Id. (citing 4 Collier on Bankruptcy ¶ 727.02 at 19-20 (15th ed.1986). Admittedly, this is a non-exclusive list, and other factors can be examined. In Bogue, the court considered additional factors such as the proximity of the conversion to the filing date, the source of the funds, whether the debtor attempted to mislead creditors during the conversion, the purpose of the conversion, and whether the conveyances were for less than fair consideration. 240 B.R. at 750-51; see also Przybylski, 340 B.R. at 630-31 (utilizing the same factors). The key, however, is that under Smiley the court's task is not to evaluate the relative reasonableness of the exemption claim, but rather to ascertain whether the surrounding circumstances illustrate some sort of fraud or deception on the part of the debtor.FN11
The trustee also cites the factors outlined in McWilliams as relevant to the determination of "actual intent" under § 727(a)(2), even though that case involved the transfer of property to third parties rather than the exemption planning at issue here. The McWilliams factors (often included among lists of the so-called "badges of fraud") are the following:
(1) the lack or inadequacy of consideration; (2) the family, friendship or close associate relationship between the parties; (3) the retention of possession, benefit or use of the property in question; (4) the financial condition of the party sought to be charged both before and after the transaction in question; (5) the existence or cumulative effect of the pattern or series of transactions or course of conduct after the incurring of debt, onset of financial difficulties, or pendency or threat of suits by creditors; and (6) the general chronology of the events and transactions under inquiry.

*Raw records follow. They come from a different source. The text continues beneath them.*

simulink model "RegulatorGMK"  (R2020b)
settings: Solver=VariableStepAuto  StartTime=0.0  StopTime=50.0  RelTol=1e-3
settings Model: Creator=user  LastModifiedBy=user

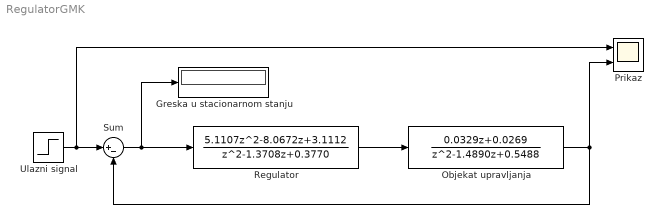
== system RegulatorGMK ==
  Greska u stacionarnom stanju : Display
  Objekat upravljanja : DiscreteTransferFcn  Numerator=[0.0329 0.0269]  Denominator=[1 -1.4890 0.5488]  SampleTime=1
  Prikaz : Scope  NumInputPorts=2
  Regulator : DiscreteTransferFcn  Numerator=[5.1107 -8.0672 3.1112]  Denominator=[1 -1.3708 0.3770]  SampleTime=1
  Sum : Sum  Inputs=|+-
  Ulazni signal : Step  SampleTime=0
  wires:
  Regulator/1 -> Objekat upravljanja/1
  Objekat upravljanja/1 -> Sum/2, Prikaz/2
  Sum/1 -> Regulator/1, Greska u stacionarnom stanju/1
  Ulazni signal/1 -> Sum/1, Prikaz/1

284 F.3d at 791 (citing In re Chastant, 873 F.2d 89, 91 (5th Cir.1989)). In McWilliams, consideration of these factors illustrated that the debtors "attempted to create the appearance that they no longer owned the property." 284 F.3d at 794. Likewise, in Smiley the debtor actively worked to hide the conversion of assets from his creditors. For example, he purchased exempt property the day before he met with his creditors to discuss his financial situation, and at that meeting he misrepresented the value of his non-exempt assets, even though he had already encumbered those assets in order to acquire property that could qualify for an exemption. 864 F.2d 568. Such conduct is clearly "extrinsic" to the conversion itself, and properly regarded as fraudulent to creditors.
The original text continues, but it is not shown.